Springtime Ponderings

By Jill LaCross

Daisy the Brittany turned 13 on March 26, just a few days after the calendar announced it was spring. Looking outside at the northern Michigan landscape, however, it was anything but. Jack Frost and Father Winter decided to stay a little longer this year, and the ground remained covered and the wind a biting chill. The sun came through on a few days, temporarily warming the air and giving us hope that warmer weather was on the way.


Last weekend was the first nice weekend: 70 degrees, sunny, a slight breeze. We spent nearly all day on Saturday outside getting things done around the house, our first home together. The only thing missing is a dog. But that day we got a taste of having a dog around when my parents brought over old Daisy, the dog they inherited when I started college, to enjoy the sunshine and to frolic through the fields where new grass hasn’t yet had a chance to start growing.

Daisy is on life’s downhill slope, which, though not evident much by her looks, is evident in the health problems that ail  her – health problems that only old dogs, if they’re lucky to reach old age, acquire. Her hearing is almost gone, and so, too, her eyesight. Her back legs, which were never the most stable, now collapse at times in random fashion. She has what the vet calls “Doggy Alzheimer’s” – she stands by the door to be let outside, goes outside, and then stands out there for a moment before turning around to come back, like she forgot why she was out there. But the most disconcerting thing of all recently has been her breathing: shallow, labored with the slightest exertion. She’s restless, too, like she can’t decide if she want so be by people or not, outside or not. The only way I got her to calm down was to sit on the floor and let her flop next to me and stroke her head and body. She gave me a happy grin only old dogs can give.

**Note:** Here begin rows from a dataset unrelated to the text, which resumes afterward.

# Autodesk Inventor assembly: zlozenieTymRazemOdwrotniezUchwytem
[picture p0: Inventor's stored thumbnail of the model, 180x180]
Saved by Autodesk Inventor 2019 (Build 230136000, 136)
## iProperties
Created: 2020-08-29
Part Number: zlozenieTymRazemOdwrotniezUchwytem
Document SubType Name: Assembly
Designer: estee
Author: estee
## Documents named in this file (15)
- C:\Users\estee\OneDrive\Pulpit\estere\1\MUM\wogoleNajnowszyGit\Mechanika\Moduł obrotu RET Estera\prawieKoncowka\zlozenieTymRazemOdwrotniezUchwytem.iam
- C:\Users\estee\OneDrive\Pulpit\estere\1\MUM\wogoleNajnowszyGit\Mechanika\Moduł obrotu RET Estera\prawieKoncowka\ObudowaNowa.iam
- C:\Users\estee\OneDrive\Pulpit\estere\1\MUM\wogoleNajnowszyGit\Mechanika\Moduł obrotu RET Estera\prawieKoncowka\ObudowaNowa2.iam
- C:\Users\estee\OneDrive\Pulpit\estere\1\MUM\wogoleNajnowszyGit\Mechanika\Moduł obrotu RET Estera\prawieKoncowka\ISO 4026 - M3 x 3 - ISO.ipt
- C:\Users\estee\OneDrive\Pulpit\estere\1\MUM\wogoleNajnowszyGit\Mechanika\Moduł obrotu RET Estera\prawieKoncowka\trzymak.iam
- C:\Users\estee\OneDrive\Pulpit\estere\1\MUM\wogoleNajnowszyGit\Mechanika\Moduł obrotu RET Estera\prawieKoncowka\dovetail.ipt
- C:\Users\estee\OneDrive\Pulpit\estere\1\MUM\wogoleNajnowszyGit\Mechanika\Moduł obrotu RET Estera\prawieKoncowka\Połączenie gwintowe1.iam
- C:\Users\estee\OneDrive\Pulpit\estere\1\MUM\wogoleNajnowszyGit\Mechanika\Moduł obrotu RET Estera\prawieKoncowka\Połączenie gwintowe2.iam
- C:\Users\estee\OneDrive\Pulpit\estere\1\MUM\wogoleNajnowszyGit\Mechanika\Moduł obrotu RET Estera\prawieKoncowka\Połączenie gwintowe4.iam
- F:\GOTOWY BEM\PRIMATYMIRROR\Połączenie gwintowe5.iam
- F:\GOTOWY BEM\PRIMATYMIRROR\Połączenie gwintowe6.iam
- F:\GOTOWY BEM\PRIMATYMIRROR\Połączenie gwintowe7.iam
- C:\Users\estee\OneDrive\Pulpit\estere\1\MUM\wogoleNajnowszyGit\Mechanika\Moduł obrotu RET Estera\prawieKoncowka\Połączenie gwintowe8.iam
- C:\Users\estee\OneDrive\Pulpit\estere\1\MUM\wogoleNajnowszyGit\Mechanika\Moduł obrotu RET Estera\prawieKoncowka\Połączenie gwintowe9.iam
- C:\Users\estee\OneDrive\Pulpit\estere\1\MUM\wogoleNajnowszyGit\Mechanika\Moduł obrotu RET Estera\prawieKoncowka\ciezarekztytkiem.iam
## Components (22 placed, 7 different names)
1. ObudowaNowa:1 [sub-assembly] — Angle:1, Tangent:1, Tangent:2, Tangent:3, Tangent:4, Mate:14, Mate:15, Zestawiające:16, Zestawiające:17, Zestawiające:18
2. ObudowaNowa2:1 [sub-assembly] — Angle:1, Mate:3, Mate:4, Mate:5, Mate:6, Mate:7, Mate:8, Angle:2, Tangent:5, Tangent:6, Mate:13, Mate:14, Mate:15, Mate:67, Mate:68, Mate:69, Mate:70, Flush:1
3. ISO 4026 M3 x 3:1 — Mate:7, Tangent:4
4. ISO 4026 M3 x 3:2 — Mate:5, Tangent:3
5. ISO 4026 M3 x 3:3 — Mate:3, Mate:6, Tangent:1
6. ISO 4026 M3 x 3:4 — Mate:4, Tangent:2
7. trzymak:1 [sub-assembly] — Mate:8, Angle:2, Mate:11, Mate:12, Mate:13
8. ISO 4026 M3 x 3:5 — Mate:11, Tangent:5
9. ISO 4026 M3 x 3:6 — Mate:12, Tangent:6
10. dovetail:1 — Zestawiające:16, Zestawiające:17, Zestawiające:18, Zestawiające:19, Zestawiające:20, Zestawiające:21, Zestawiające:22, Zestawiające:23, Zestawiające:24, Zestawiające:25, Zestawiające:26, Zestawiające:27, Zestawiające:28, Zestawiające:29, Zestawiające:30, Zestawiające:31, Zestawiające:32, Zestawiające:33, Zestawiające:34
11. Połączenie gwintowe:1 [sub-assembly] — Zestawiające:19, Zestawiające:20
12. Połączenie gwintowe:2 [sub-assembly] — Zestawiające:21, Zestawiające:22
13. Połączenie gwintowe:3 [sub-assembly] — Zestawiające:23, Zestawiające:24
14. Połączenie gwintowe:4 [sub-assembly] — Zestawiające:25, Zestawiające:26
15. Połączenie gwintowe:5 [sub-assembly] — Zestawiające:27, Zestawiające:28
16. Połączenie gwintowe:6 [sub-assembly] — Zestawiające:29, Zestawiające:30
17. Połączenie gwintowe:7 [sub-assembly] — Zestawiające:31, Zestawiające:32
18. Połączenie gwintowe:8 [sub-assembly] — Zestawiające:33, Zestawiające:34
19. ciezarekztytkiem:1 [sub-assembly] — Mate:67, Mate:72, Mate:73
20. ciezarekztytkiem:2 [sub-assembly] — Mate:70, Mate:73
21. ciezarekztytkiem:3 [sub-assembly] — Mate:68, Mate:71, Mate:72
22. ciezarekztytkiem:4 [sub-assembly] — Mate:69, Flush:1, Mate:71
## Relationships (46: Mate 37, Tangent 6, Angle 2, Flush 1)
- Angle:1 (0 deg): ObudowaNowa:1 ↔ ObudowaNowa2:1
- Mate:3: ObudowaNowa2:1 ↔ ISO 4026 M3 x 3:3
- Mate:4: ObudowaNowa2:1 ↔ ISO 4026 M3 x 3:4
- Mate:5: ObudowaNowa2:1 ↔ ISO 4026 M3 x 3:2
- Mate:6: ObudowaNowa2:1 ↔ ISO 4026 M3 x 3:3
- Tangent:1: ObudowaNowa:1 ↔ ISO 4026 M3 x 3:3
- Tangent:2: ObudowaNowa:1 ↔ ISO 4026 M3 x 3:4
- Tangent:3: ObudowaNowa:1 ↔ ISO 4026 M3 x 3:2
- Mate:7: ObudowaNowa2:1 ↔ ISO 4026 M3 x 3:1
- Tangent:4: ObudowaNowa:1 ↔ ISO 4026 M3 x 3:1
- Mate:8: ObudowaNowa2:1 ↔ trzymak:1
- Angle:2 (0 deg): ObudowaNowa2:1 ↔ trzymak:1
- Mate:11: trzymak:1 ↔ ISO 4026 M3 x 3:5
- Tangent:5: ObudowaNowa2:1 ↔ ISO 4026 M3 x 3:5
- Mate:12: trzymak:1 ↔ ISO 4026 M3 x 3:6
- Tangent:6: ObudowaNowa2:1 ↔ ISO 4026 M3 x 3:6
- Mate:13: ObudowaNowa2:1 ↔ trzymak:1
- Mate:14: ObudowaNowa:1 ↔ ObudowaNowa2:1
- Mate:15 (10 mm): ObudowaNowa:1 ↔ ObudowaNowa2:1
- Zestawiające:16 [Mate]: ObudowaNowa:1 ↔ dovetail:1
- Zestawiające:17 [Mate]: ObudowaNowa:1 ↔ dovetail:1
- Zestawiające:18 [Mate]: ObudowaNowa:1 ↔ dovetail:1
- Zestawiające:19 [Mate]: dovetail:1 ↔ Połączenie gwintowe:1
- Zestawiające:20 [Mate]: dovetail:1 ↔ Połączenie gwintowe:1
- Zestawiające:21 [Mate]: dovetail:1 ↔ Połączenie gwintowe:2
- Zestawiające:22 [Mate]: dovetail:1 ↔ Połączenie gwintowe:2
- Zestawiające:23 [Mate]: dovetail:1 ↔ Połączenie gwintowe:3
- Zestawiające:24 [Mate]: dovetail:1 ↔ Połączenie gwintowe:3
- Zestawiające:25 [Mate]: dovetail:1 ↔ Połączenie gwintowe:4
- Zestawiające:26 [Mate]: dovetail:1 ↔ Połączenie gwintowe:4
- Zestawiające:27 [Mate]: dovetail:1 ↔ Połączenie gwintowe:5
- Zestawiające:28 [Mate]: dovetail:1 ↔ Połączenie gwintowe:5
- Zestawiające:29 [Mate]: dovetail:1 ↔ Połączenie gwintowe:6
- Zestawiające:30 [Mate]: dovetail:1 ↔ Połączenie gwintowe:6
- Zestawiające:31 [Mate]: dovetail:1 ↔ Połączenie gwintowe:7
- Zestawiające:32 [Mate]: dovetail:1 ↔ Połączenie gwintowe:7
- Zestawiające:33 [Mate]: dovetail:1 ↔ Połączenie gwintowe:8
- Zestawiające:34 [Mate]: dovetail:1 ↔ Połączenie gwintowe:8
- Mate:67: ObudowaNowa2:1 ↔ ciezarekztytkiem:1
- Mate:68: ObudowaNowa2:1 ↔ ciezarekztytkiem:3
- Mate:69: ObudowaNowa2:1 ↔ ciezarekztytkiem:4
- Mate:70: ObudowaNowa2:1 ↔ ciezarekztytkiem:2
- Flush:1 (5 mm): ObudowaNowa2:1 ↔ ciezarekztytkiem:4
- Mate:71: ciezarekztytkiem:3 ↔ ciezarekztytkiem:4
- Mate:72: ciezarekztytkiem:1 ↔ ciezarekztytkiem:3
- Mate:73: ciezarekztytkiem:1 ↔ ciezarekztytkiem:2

Spring is a season of new life, as we commonly view it. It’s a season of fresh and increased vitality. It’s a struggle to see an old dog struggling in this season of growth, knowing that she will probably not make it to her favorite time of year: the autumn. We knew last fall that she was declining, so my dad took her out a few times more than usual, sometimes with the gun and sometimes without. I went along. Daisy was alert and did not have trouble breathing like she does now, driven by the only sense that hasn’t seemed to deteriorate, smell, which is what a good pointing dog uses anyway.

Still, she couldn’t go as long as we hoped, and she slept the rest of the day in cheerful bliss remembering, I’m sure, the day and days before when she was out in the field. Whenever a dog dreams, we always venture to explain that it must be about something pleasant, “She’s chasing a squirrel. He’s in the field. She’s digging for her bone.” In dreams, I imagine that a dog is in her prime, the points are plentiful, the hunter never misses, and the body never grows weary.

So as I guided her with a lead down the hill – she couldn’t hear or see me well enough to follow, and it was a strange environment – to the two-track heading into the heart of the property, I felt a little glum at the sight of her. But her exuberance once we reached the trailhead, how she knew we were in the woods again, was so puppy-like that I laughed and smiled. That is how she will be like when we meet in my dreams… and maybe I’ll be able to hit a gamebird for her instead of only air.